---------- Data to process

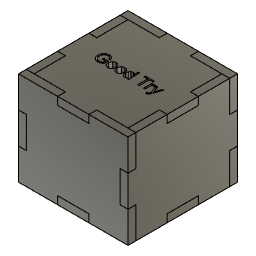
Box V2 v3 (Autodesk Fusion 360 design; units mm, degrees)
Autodesk Fusion 360 part; units mm, degrees
note: some values were not read from the file. Chosen so that the rebuilt part matches the saved one: which bodies a step acts on; the layout of a text.
sketch "Top-Bottom" plane through (0, 0, 0) normal (0, 0, 1) x (1, 0, 0)
  line L0 (0, 0) -> (30, 0)
  line L1 (30, 0) -> (30, 30)
  line L2 (30, 30) -> (0, 30)
  line L3 (0, 30) -> (0, 0)
  line L4 (-2.5, 20) -> (0, 20)
  line L5 (0, 20) -> (0, 10)
  line L6 (0, 10) -> (-2.5, 10)
  line L7 (-2.5, 10) -> (-2.5, 20)
  line L8 (15, 30) -> (15, 0) construction
  line L9 (0, 15) -> (30, 15) construction
  line L10 (10, 32.5) -> (20, 32.5)
  line L11 (20, 32.5) -> (20, 30)
  line L12 (20, 30) -> (10, 30)
  line L13 (10, 30) -> (10, 32.5)
  line L14 (20, 0) -> (10, 0)
  line L15 (10, 0) -> (10, -2.5)
  line L16 (20, -2.5) -> (20, 0)
  line L17 (10, -2.5) -> (20, -2.5)
  line L18 (30, 20) -> (30, 10)
  line L19 (30, 10) -> (32.5, 10)
  line L20 (32.5, 20) -> (30, 20)
  line L21 (32.5, 10) -> (32.5, 20)
  point P0 (15, 0)
  point P1 (30, 15)
  dimension "d4" = 30
  dimension "d5" = 30
  dimension "d9" = 2.5
  dimension "d10" = 10
  dimension "d11" = 10
  dimension "d12" = 2.5
  constraint horizontal L0
  constraint vertical L1
  constraint horizontal L2
  constraint vertical L3
  constraint coincident L0.start L3.end
  constraint horizontal L4
  constraint vertical L5
  constraint horizontal L6
  constraint vertical L7
  constraint midpoint L3 L5
  constraint midpoint L2 L8.start
  constraint midpoint L0 P0
  constraint midpoint L3 L9.start
  constraint midpoint L1 P1
  constraint horizontal L10
  constraint vertical L11
  constraint horizontal L12
  constraint vertical L13
  constraint midpoint L2 L12
  constraint symmetric L8.start L9 P0
  constraint symmetric L9 L10.start L15.end
  constraint symmetric L9 L10.end L16.start
  constraint symmetric L9 L11.end L14.start
  constraint symmetric L9 L12.end L14.end
  constraint symmetric L4.start L8 L20.start
  constraint symmetric L4.end L8 L18.start
  constraint symmetric L5.end L8 L18.end
  constraint symmetric L6.end L8 L19.end
  constraint symmetric L8 L9.start P1
  measures "d4" distance of L0.start L0.end
  measures "d5" distance of L0.start L2.end
  measures "d9" distance of L4.start L4.end
  measures "d10" distance of L4.start L6.end
  measures "d11" distance of L10.start L10.end
  measures "d12" distance of L10.start L12.end
extrude "Extrude1" add sketch "Top-Bottom" along normal blind 2.5 makes body 1
sketch "Front-Back" plane through (0, -2.5, 0) normal (0, -1, 0) x (1, 0, 0)
  line L0 (10, 0) -> (20, 0)
  line L1 (20, 0) -> (20, 2.5)
  line L2 (20, 2.5) -> (10, 2.5)
  line L3 (10, 2.5) -> (10, 0)
  line L4 (0, 0) -> (30, 0)
  line L5 (30, 0) -> (30, 30)
  line L6 (30, 30) -> (0, 30)
  line L7 (0, 30) -> (0, 0)
  line L8 (-2.5, 10) -> (0, 10)
  line L9 (0, 10) -> (0, 0)
  line L10 (0, 0) -> (-2.5, 0)
  line L11 (-2.5, 0) -> (-2.5, 10)
  line L12 (0, 20) -> (-2.5, 20)
  line L13 (-2.5, 30) -> (0, 30)
  line L14 (0, 30) -> (0, 20)
  line L15 (-2.5, 20) -> (-2.5, 30)
  line L16 (15, 30) -> (15, 0) construction
  line L17 (32.5, 30) -> (30, 30)
  line L18 (30, 20) -> (32.5, 20)
  line L19 (32.5, 20) -> (32.5, 30)
  line L20 (30, 30) -> (30, 20)
  line L21 (32.5, 0) -> (32.5, 10)
  line L22 (30, 0) -> (32.5, 0)
  line L23 (32.5, 10) -> (30, 10)
  line L24 (30, 10) -> (30, 0)
  point P0 (30, 30)
  point P1 (30, 0)
  point P2 (30, 0)
  dimension "d18" = 30
  dimension "d19" = 30
  dimension "d20" = 2.5
  dimension "d21" = 10
  dimension "d22" = 2.5
  dimension "d23" = 10
  constraint horizontal L4
  constraint vertical L5
  constraint horizontal L6
  constraint vertical L7
  constraint coincident L4.start L7.end
  constraint horizontal L8
  constraint vertical L9
  constraint horizontal L10
  constraint vertical L11
  constraint horizontal L13
  constraint vertical L14
  constraint horizontal L12
  constraint vertical L15
  constraint coincident L6.end L7.start
  constraint midpoint L6 L16.start
  constraint midpoint L4 L16.end
  constraint symmetric L4.start L16 P2
  constraint symmetric L6.end L16 P0
  constraint symmetric L8.start L16 L21.end
  constraint symmetric L8.end L16 L23.end
  constraint symmetric L10.end L16 L21.start
  constraint symmetric L13.start L16 L17.start
  constraint symmetric L12.start L16 L18.start
  constraint symmetric L12.end L16 L18.end
  measures "d18" distance of L4.start P2
  measures "d19" distance of L4.start L6.end
  measures "d20" distance of L8.start L8.end
  measures "d21" distance of L8.start L10.end
  measures "d22" distance of L13.start L6.end
  measures "d23" distance of L13.start L12.end
extrude "Extrude2" add sketch "Front-Back" against normal blind 2.5 separate body contours L1 L2 L3 L4 L5 L6 L7 L9 L14 L20 L24 | L7 L8 L9 L10 L11 | L5 L21 L22 L23 L24 | L7 L12 L13 L14 L15 | L5 L17 L18 L19 L20 makes body 2
ref_plane "WorkPlane1" through (15, 15, 15) normal (0, 0, -1) x (-1, 0, 0)
mirror "Mirror1" about plane through (15, 15, 15) normal (0, 0, -1) of bodies 1 makes body 3
ref_plane "WorkPlane2" through (15, 15, 15) normal (0, 1, 0) x (0, 0, 1)
mirror "Mirror2" about plane through (15, 15, 15) normal (0, 1, 0) of bodies 2 makes body 4
combine "Combine1" operation cut target body 2 tool bodies 3 keep tools
combine "Combine2" operation cut target body 4 tool bodies 3 keep tools
sketch "Left-Right" plane through (32.5, 0, 0) normal (1, 0, 0) x (0, 1, 0)
  line L0 (10, 0) -> (20, 0)
  line L1 (20, 0) -> (20, 2.5)
  line L2 (20, 2.5) -> (10, 2.5)
  line L3 (10, 2.5) -> (10, 0)
  line L4 (0, 0) -> (30, 0)
  line L5 (30, 0) -> (30, 30)
  line L6 (30, 30) -> (0, 30)
  line L7 (0, 30) -> (0, 0)
  line L8 (-2.5, 20) -> (0, 20)
  line L9 (0, 20) -> (0, 10)
  line L10 (0, 10) -> (-2.5, 10)
  line L11 (-2.5, 10) -> (-2.5, 20)
  line L12 (15, 30) -> (15, 0) construction
  line L13 (30, 10) -> (32.5, 10)
  line L14 (30, 20) -> (30, 10)
  line L15 (32.5, 10) -> (32.5, 20)
  line L16 (32.5, 20) -> (30, 20)
  dimension "d30" = 30
  dimension "d31" = 30
  dimension "d32" = 2.5
  dimension "d33" = 10
  constraint horizontal L4
  constraint vertical L5
  constraint horizontal L6
  constraint vertical L7
  constraint coincident L4.start L7.end
  constraint horizontal L8
  constraint vertical L9
  constraint horizontal L10
  constraint vertical L11
  constraint midpoint L7 L9
  constraint midpoint L6 L12.start
  constraint midpoint L4 L12.end
  constraint symmetric L8.start L12 L15.end
  constraint symmetric L8.end L12 L14.start
  constraint symmetric L9.end L12 L13.start
  constraint symmetric L10.end L12 L13.end
  measures "d30" distance of L4.start L4.end
  measures "d31" distance of L4.start L6.end
  measures "d32" distance of L8.start L8.end
  measures "d33" distance of L8.start L10.end
extrude "Extrude3" add sketch "Left-Right" against normal blind 2.5 separate body contours L1 L2 L3 L4 L5 L6 L7 L9 L14 | L7 L8 L9 L10 L11 | L5 L13 L14 L15 L16 makes body 5
combine "Combine3" operation cut target body 5 tool bodies 3 keep tools
ref_plane "WorkPlane3" through (15, 15, 15) normal (-1, 0, 0) x (0, 0, 1)
mirror "Mirror3" about plane through (15, 15, 15) normal (-1, 0, 0) of bodies 5 makes body 6
sketch "Text-Top" plane through (0, 0, 30) normal (0, 0, 1) x (-1, 0, 0)
  line L0 (0, -10) -> (0, 0)
  line L1 (0, 0) -> (-10, 0)
  line L2 (-10, 0) -> (-10, 2.5)
  line L3 (-10, 2.5) -> (-20, 2.5)
  line L4 (-20, 2.5) -> (-20, 0)
  line L5 (-20, 0) -> (-30, 0)
  line L6 (-30, 0) -> (-30, -10)
  line L7 (-30, -10) -> (-32.5, -10)
  line L8 (-32.5, -10) -> (-32.5, -20)
  line L9 (-32.5, -20) -> (-30, -20)
  line L10 (-30, -20) -> (-30, -30)
  line L11 (-30, -30) -> (-20, -30)
  line L12 (-20, -30) -> (-20, -32.5)
  line L13 (-20, -32.5) -> (-10, -32.5)
  line L14 (-10, -32.5) -> (-10, -30)
  line L15 (-10, -30) -> (0, -30)
  line L16 (0, -30) -> (0, -20)
  line L17 (0, -20) -> (2.5, -20)
  line L18 (2.5, -20) -> (2.5, -10)
  line L19 (2.5, -10) -> (0, -10)
  line L20 (-5, -12.5) -> (-25, -12.5) construction
  line L21 (-25, -12.5) -> (-25, -17.5) construction
  line L22 (-25, -17.5) -> (-5, -17.5) construction
  line L23 (-5, -17.5) -> (-5, -12.5) construction
  line L24 (2.5, -15) -> (-5, -15) construction
  line L25 (-25, -15) -> (-32.5, -15) construction
  dimension "d39" = 5
  dimension "d42" = 7.5
  dimension "d43" = 7.5
  text T0 "Good Try" font "Arial" height 5 align ink ink in box 0 x 0 at (-5.01, -12.52) x (-1, 0) y (0, -1) spacing 1 kerned height is em
  constraint perpendicular L20 L21
  constraint parallel L20 L22
  constraint parallel L21 L23
  constraint midpoint L18 L24.start
  constraint perpendicular L18 L24
  constraint midpoint L23 L24.end
  constraint midpoint L21 L25.start
  constraint midpoint L8 L25.end
  constraint perpendicular L8 L25
  measures "d39" distance of L20.end L21.end
  measures "d42" distance of L24.start L24.end
  measures "d43" distance of L25.start L25.end
extrude "Extrude4" cut sketch "Text-Top" against normal blind 2.5 text T0 bodies 3 makes body 7 at (12.6268, 15.5251, 30) makes body 8 at (15.3464, 15.5191, 30) makes body 9 at (15.1604, 4.5046, 30)
delete_body "RemoveBody1" bodies 3
delete_body "RemoveBody2" bodies 7
delete_body "RemoveBody3" bodies 8
sketch "Final-Top" plane through (0, 0, 30) normal (0, 0, 1) x (-1, 0, 0)
  line L0 (0, -10) -> (0, 0)
  line L1 (0, 0) -> (-10, 0)
  line L2 (-10, 0) -> (-10, 2.5)
  line L3 (-10, 2.5) -> (-20, 2.5)
  line L4 (-20, 2.5) -> (-20, 0)
  line L5 (-20, 0) -> (-30, 0)
  line L6 (-30, 0) -> (-30, -10)
  line L7 (-30, -10) -> (-32.5, -10)
  line L8 (-32.5, -10) -> (-32.5, -20)
  line L9 (-32.5, -20) -> (-30, -20)
  line L10 (-30, -20) -> (-30, -30)
  line L11 (-30, -30) -> (-20, -30)
  line L12 (-20, -30) -> (-20, -32.5)
  line L13 (-20, -32.5) -> (-10, -32.5)
  line L14 (-10, -32.5) -> (-10, -30)
  line L15 (-10, -30) -> (0, -30)
  line L16 (0, -30) -> (0, -20)
  line L17 (0, -20) -> (2.5, -20)
  line L18 (2.5, -20) -> (2.5, -10)
  line L19 (2.5, -10) -> (0, -10)
  line L20 (-7.8567, -14.3096) -> (-7.8567, -14.9761)
  line L21 (-7.8567, -14.9761) -> (-6.8044, -14.9761)
  line L22 (-6.8044, -14.9761) -> (-6.8044, -15.396)
  line L23 (-6.8044, -15.396) -> (-8.3205, -15.3984)
  line L24 (-8.3205, -15.3984) -> (-8.3205, -14.0703)
  spline S0 degree 3 poles (-8.3205, -14.0703) (-8.2052, -13.984) (-7.9813, -13.8165) (-7.7248, -13.7055) (-7.6003, -13.6516) knots 0 0 0 0 0.043036 0.083562 0.083562 0.083562 0.083562
  spline S1 degree 3 poles (-7.6003, -13.6516) (-7.4761, -13.6106) (-7.2286, -13.5291) (-6.9683, -13.5172) (-6.8386, -13.5112) knots 0 0 0 0 0.039044 0.077778 0.077778 0.077778 0.077778
  spline S2 degree 3 poles (-6.8386, -13.5112) (-6.6684, -13.5198) (-6.3351, -13.5366) (-6.0298, -13.6712) (-5.8804, -13.737) knots 0 0 0 0 0.050639 0.099191 0.099191 0.099191 0.099191
  spline S3 degree 3 poles (-5.8804, -13.737) (-5.7456, -13.8205) (-5.4771, -13.9868) (-5.312, -14.256) (-5.2297, -14.3901) knots 0 0 0 0 0.046824 0.093334 0.093334 0.093334 0.093334
  spline S4 degree 3 poles (-5.2297, -14.3901) (-5.1657, -14.5387) (-5.0343, -14.8434) (-5.0182, -15.1749) (-5.01, -15.3447) knots 0 0 0 0 0.048136 0.098667 0.098667 0.098667 0.098667
  spline S5 degree 3 poles (-5.01, -15.3447) (-5.0187, -15.5152) (-5.036, -15.8528) (-5.1648, -16.1653) (-5.2285, -16.32) knots 0 0 0 0 0.050801 0.100602 0.100602 0.100602 0.100602
  spline S6 degree 3 poles (-5.2285, -16.32) (-5.3078, -16.4605) (-5.4633, -16.7356) (-5.7277, -16.9082) (-5.8572, -16.9927) knots 0 0 0 0 0.047611 0.093274 0.093274 0.093274 0.093274
  spline S7 degree 3 poles (-5.8572, -16.9927) (-6.0021, -17.0567) (-6.3029, -17.1897) (-6.6316, -17.2046) (-6.802, -17.2124) knots 0 0 0 0 0.047105 0.097758 0.097758 0.097758 0.097758
  spline S8 degree 3 poles (-6.802, -17.2124) (-6.9263, -17.2079) (-7.1663, -17.1993) (-7.3941, -17.1233) (-7.5039, -17.0867) knots 0 0 0 0 0.03709 0.071636 0.071636 0.071636 0.071636
  spline S9 degree 3 poles (-7.5039, -17.0867) (-7.6014, -17.0424) (-7.7884, -16.9575) (-7.9287, -16.8079) (-7.9958, -16.7363) knots 0 0 0 0 0.031773 0.060917 0.060917 0.060917 0.060917
  spline S10 degree 3 poles (-7.9958, -16.7363) (-8.0526, -16.6521) (-8.1743, -16.4716) (-8.2346, -16.2622) (-8.2668, -16.1504) knots 0 0 0 0 0.030262 0.06491 0.06491 0.06491 0.06491
  line L25 (-8.2668, -16.1504) -> (-7.8396, -16.0332)
  spline S11 degree 3 poles (-7.8396, -16.0332) (-7.8133, -16.1164) (-7.7653, -16.2685) (-7.6787, -16.4023) (-7.6394, -16.4629) knots 0 0 0 0 0.026032 0.047595 0.047595 0.047595 0.047595
  spline S12 degree 3 poles (-7.6394, -16.4629) (-7.5934, -16.5131) (-7.4964, -16.6192) (-7.3662, -16.6807) (-7.2976, -16.7131) knots 0 0 0 0 0.020222 0.042723 0.042723 0.042723 0.042723
  spline S13 degree 3 poles (-7.2976, -16.7131) (-7.2202, -16.7405) (-7.0607, -16.797) (-6.8916, -16.8037) (-6.8044, -16.8071) knots 0 0 0 0 0.024475 0.05046 0.05046 0.05046 0.05046
  spline S14 degree 3 poles (-6.8044, -16.8071) (-6.7026, -16.8041) (-6.5104, -16.7984) (-6.3284, -16.737) (-6.2429, -16.7082) knots 0 0 0 0 0.030374 0.057295 0.057295 0.057295 0.057295
  spline S15 degree 3 poles (-6.2429, -16.7082) (-6.1689, -16.6739) (-6.0272, -16.6082) (-5.9147, -16.5) (-5.8608, -16.4482) knots 0 0 0 0 0.024261 0.046502 0.046502 0.046502 0.046502
  spline S16 degree 3 poles (-5.8608, -16.4482) (-5.8152, -16.3935) (-5.7249, -16.2851) (-5.6648, -16.1574) (-5.635, -16.0942) knots 0 0 0 0 0.021272 0.042143 0.042143 0.042143 0.042143
  spline S17 degree 3 poles (-5.635, -16.0942) (-5.5951, -15.98) (-5.5138, -15.7468) (-5.5035, -15.4999) (-5.4983, -15.374) knots 0 0 0 0 0.036094 0.073664 0.073664 0.073664 0.073664
  spline S18 degree 3 poles (-5.4983, -15.374) (-5.5029, -15.2256) (-5.5116, -14.9487) (-5.6151, -14.6922) (-5.6631, -14.5732) knots 0 0 0 0 0.044138 0.082326 0.082326 0.082326 0.082326
  spline S19 degree 3 poles (-5.6631, -14.5732) (-5.7238, -14.4729) (-5.8444, -14.2739) (-6.0439, -14.1541) (-6.1428, -14.0947) knots 0 0 0 0 0.034607 0.068675 0.068675 0.068675 0.068675
  spline S20 degree 3 poles (-6.1428, -14.0947) (-6.2495, -14.0491) (-6.4633, -13.9578) (-6.6955, -13.9449) (-6.8118, -13.9385) knots 0 0 0 0 0.034521 0.069165 0.069165 0.069165 0.069165
  spline S21 degree 3 poles (-6.8118, -13.9385) (-6.914, -13.9435) (-7.12, -13.9537) (-7.3144, -14.0223) (-7.4123, -14.0569) knots 0 0 0 0 0.030539 0.061503 0.061503 0.061503 0.061503
  spline S22 degree 3 poles (-7.4123, -14.0569) (-7.5004, -14.0939) (-7.6588, -14.1604) (-7.7958, -14.2637) (-7.8567, -14.3096) knots 0 0 0 0 0.028516 0.05129 0.05129 0.05129 0.05129
  spline S23 degree 3 poles (-12.7956, -13.5137) (-12.6249, -13.5262) (-12.2942, -13.5504) (-12.0389, -13.761) (-11.9155, -13.8628) knots 0 0 0 0 0.049993 0.096791 0.096791 0.096791 0.096791
  spline S24 degree 3 poles (-11.9155, -13.8628) (-11.8178, -13.9999) (-11.6044, -14.2994) (-11.5884, -14.6685) (-11.5798, -14.8686) knots 0 0 0 0 0.049486 0.108074 0.108074 0.108074 0.108074
  spline S25 degree 3 poles (-11.5798, -14.8686) (-11.5898, -15.0869) (-11.6083, -15.4883) (-11.8637, -15.7954) (-11.9802, -15.9355) knots 0 0 0 0 0.063477 0.116753 0.116753 0.116753 0.116753
  spline S26 degree 3 poles (-11.9802, -15.9355) (-12.0996, -16.0195) (-12.3442, -16.1916) (-12.6428, -16.2128) (-12.7956, -16.2236) knots 0 0 0 0 0.042941 0.087955 0.087955 0.087955 0.087955
  spline S27 degree 3 poles (-12.7956, -16.2236) (-12.9642, -16.2106) (-13.2927, -16.1852) (-13.5462, -15.9754) (-13.6697, -15.8733) knots 0 0 0 0 0.049367 0.096242 0.096242 0.096242 0.096242
  spline S28 degree 3 poles (-13.6697, -15.8733) (-13.7685, -15.7393) (-13.9801, -15.4527) (-13.999, -15.0955) (-14.009, -14.9053) knots 0 0 0 0 0.048869 0.104602 0.104602 0.104602 0.104602
  spline S29 degree 3 poles (-14.009, -14.9053) (-14.0061, -14.7543) (-14.0008, -14.4827) (-13.9025, -14.2301) (-13.8589, -14.1179) knots 0 0 0 0 0.044866 0.080708 0.080708 0.080708 0.080708
  spline S30 degree 3 poles (-13.8589, -14.1179) (-13.803, -14.0275) (-13.6908, -13.8462) (-13.5117, -13.7304) (-13.4219, -13.6723) knots 0 0 0 0 0.03145 0.063109 0.063109 0.063109 0.063109
  spline S31 degree 3 poles (-13.4219, -13.6723) (-13.3236, -13.6261) (-13.1251, -13.5326) (-12.9061, -13.52) (-12.7956, -13.5137) knots 0 0 0 0 0.032274 0.065137 0.065137 0.065137 0.065137
  line L26 (-16.614, -17.1513) -> (-16.614, -13.5722)
  line L27 (-16.614, -13.5722) -> (-16.2063, -13.5722)
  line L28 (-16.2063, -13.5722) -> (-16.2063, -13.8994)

--------------------

The task -
Tally the lines in this material that hold the word "Back", then reply with only the number.

Answer space -
2